* _Exercise instructions_:
Look for the string "docs" in the data below, and copy each line that holds it.

--- Records for processing Enclosed Below ---

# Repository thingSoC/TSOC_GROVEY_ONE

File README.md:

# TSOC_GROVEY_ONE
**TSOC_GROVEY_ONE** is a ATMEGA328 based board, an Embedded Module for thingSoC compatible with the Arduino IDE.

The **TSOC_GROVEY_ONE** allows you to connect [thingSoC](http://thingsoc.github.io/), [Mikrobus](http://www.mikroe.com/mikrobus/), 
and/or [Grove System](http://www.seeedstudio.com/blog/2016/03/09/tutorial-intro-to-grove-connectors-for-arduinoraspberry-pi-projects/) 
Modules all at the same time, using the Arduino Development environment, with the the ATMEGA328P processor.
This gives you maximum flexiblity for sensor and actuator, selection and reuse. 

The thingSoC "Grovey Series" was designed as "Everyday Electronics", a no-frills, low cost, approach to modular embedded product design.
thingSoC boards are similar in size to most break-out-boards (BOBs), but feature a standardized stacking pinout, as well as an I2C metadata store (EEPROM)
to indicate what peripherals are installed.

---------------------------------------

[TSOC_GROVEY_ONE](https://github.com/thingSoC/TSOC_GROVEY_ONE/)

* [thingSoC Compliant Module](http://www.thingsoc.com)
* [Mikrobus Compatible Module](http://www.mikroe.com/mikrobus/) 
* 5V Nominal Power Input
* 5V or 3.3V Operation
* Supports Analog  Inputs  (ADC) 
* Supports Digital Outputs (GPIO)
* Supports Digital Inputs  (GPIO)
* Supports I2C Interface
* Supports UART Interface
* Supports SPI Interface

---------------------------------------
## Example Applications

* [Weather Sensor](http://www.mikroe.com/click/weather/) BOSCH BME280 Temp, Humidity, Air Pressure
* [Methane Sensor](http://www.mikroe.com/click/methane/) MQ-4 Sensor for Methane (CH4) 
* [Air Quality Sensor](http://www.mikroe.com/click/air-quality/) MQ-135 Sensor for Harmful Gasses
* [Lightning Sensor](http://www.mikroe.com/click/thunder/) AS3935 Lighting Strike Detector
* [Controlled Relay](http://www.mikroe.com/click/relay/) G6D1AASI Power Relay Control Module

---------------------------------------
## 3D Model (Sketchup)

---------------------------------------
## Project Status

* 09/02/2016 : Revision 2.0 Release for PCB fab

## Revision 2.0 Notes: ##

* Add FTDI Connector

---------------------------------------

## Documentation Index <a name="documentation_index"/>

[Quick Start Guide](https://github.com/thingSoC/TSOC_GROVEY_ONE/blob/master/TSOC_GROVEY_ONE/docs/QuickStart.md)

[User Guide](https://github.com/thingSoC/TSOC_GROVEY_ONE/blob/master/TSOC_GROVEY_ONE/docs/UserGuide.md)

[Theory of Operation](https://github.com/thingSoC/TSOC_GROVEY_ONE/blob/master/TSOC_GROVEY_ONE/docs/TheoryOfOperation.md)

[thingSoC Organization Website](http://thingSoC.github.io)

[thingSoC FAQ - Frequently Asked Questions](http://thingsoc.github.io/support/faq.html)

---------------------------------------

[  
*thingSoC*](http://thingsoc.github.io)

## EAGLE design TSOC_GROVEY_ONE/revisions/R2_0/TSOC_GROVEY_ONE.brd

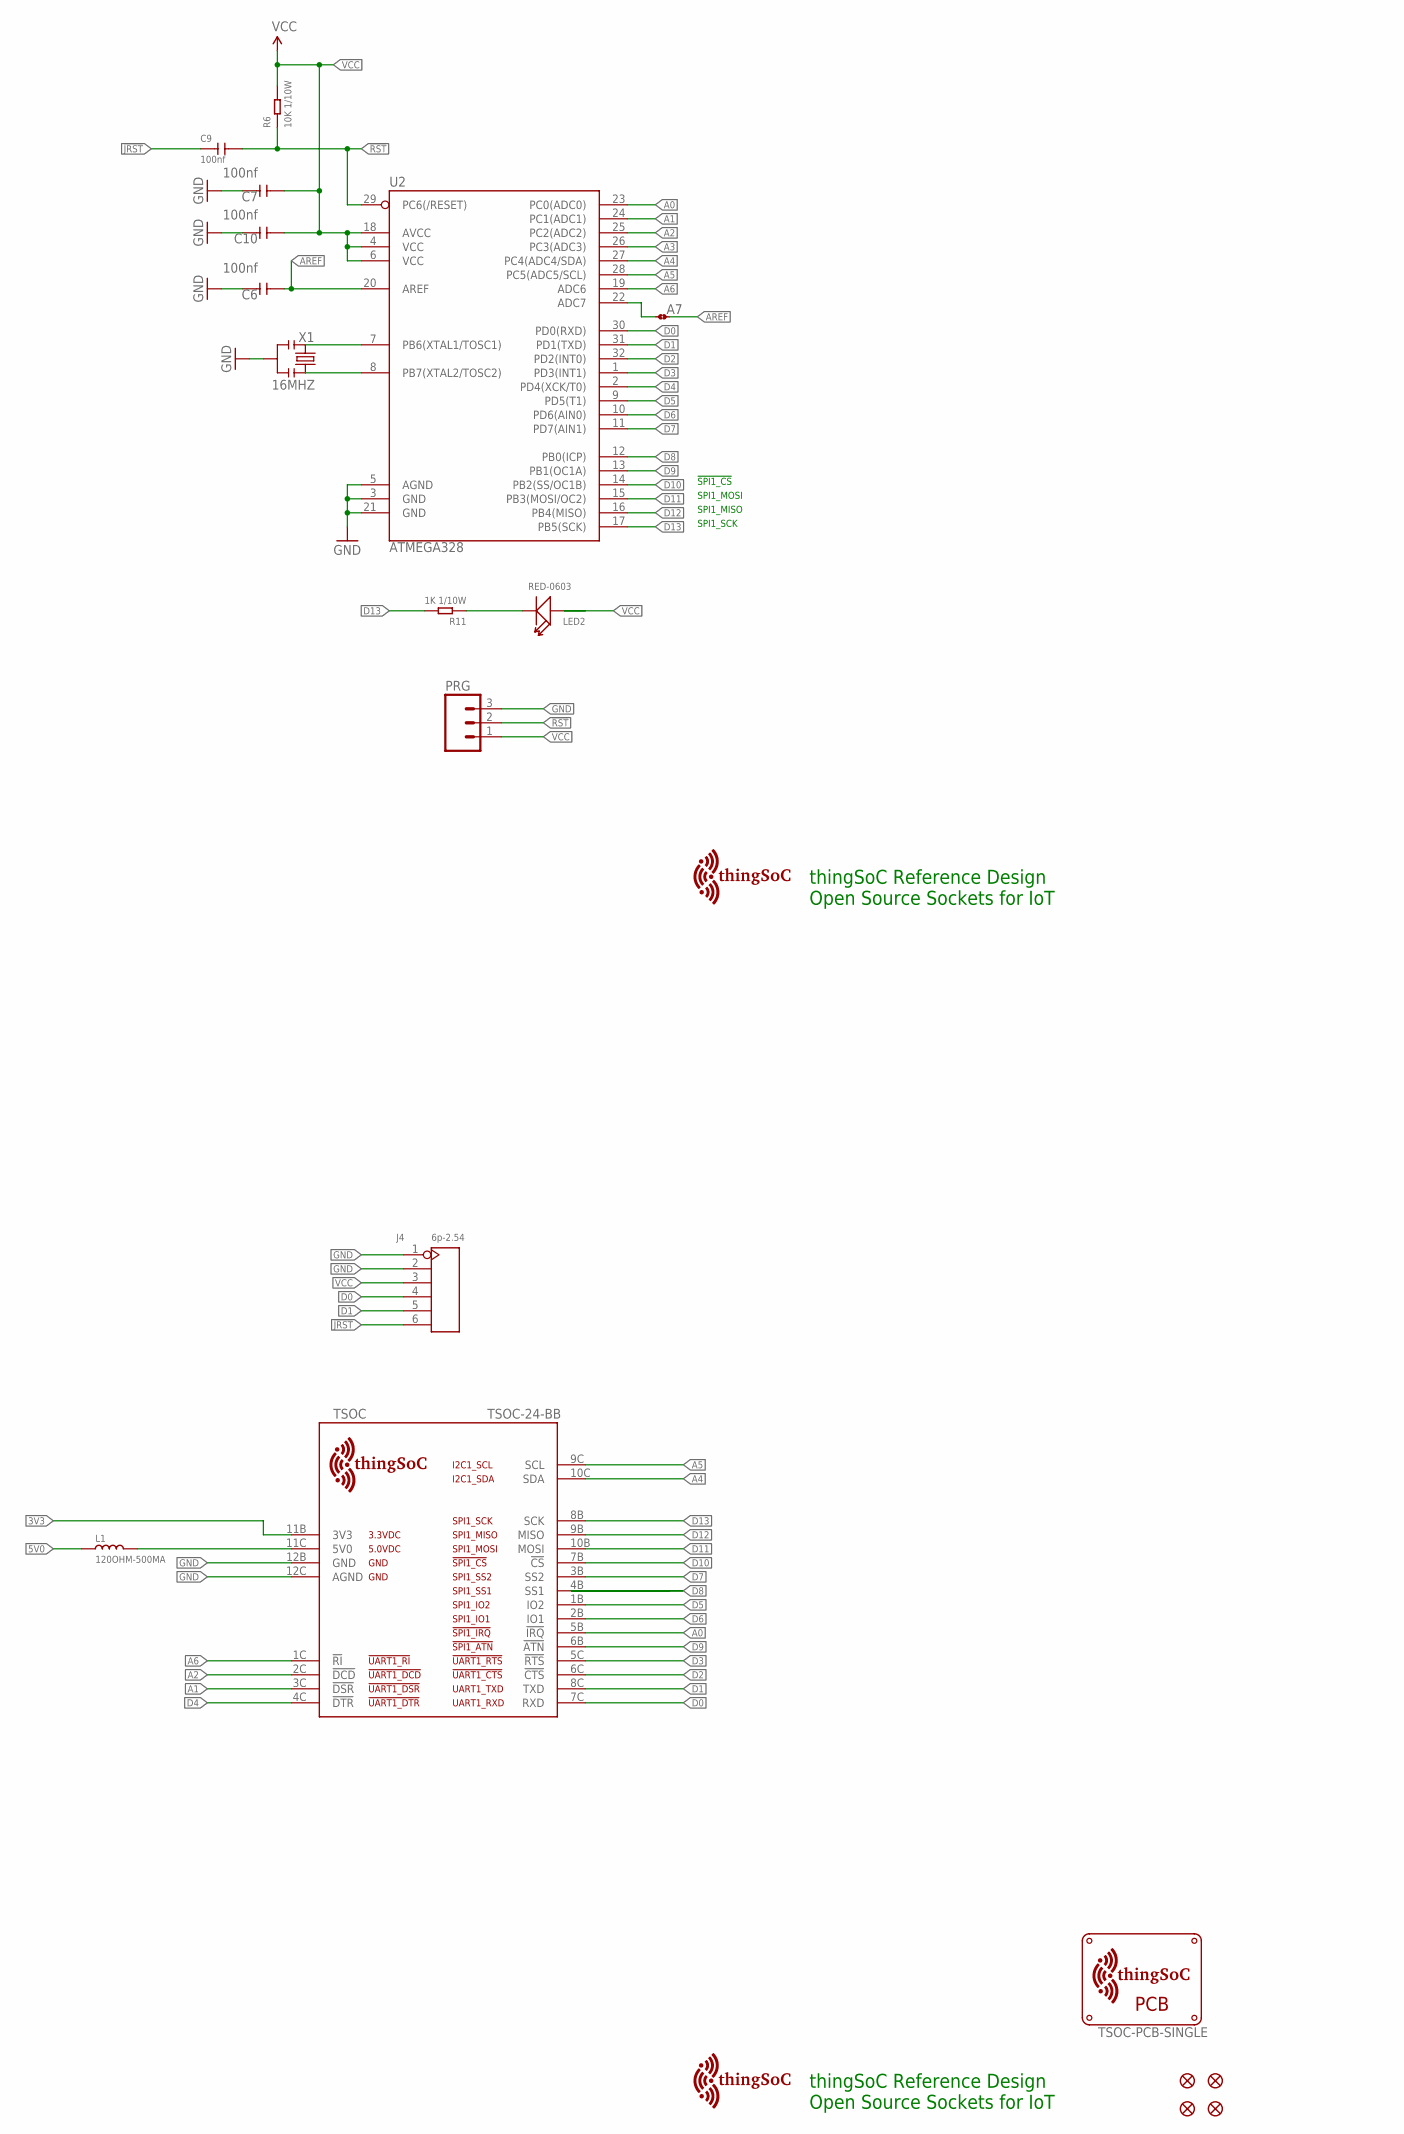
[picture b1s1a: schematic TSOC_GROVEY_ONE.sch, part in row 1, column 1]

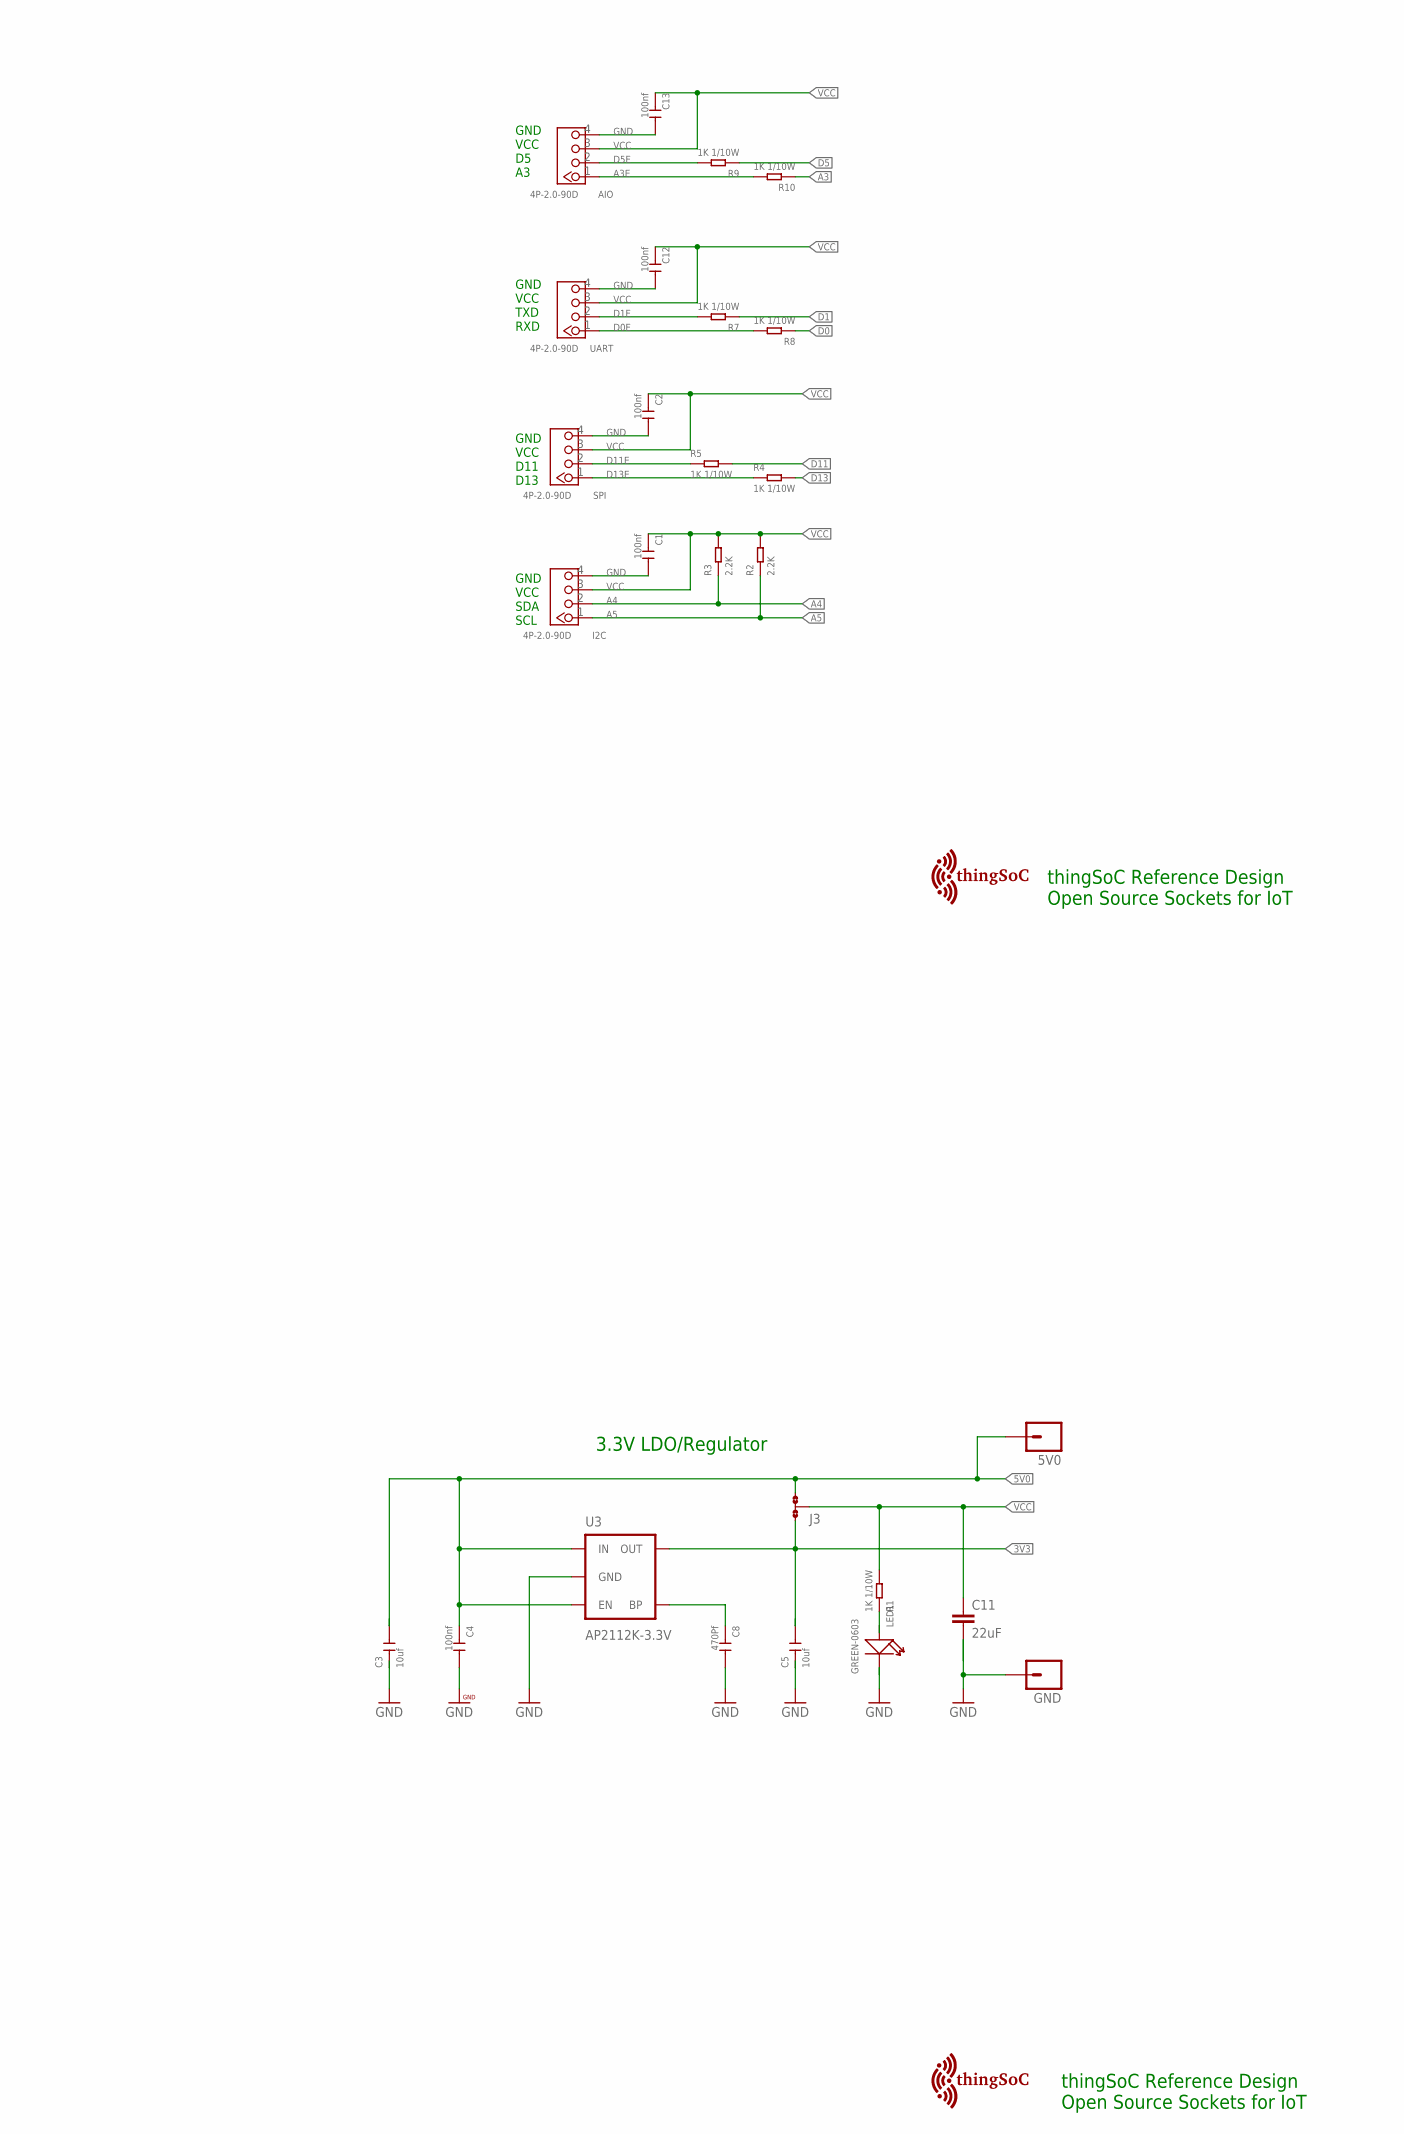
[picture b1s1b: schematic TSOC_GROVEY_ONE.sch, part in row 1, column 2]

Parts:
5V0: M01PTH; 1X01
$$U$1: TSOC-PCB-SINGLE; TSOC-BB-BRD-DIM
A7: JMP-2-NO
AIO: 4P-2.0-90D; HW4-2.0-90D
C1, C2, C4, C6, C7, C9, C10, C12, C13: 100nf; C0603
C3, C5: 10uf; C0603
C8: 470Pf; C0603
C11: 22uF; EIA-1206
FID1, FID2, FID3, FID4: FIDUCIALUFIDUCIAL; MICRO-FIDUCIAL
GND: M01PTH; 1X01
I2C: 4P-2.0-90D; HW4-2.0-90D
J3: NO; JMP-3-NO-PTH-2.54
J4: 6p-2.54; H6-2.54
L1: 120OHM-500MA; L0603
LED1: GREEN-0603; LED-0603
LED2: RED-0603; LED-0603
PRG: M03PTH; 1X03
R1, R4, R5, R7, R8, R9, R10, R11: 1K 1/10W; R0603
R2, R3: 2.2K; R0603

--- End of Enclosed Records for processing ---

* _Expected answer_:
[Quick Start Guide](https://github.com/thingSoC/TSOC_GROVEY_ONE/blob/master/TSOC_GROVEY_ONE/docs/QuickStart.md)
[User Guide](https://github.com/thingSoC/TSOC_GROVEY_ONE/blob/master/TSOC_GROVEY_ONE/docs/UserGuide.md)
[Theory of Operation](https://github.com/thingSoC/TSOC_GROVEY_ONE/blob/master/TSOC_GROVEY_ONE/docs/TheoryOfOperation.md)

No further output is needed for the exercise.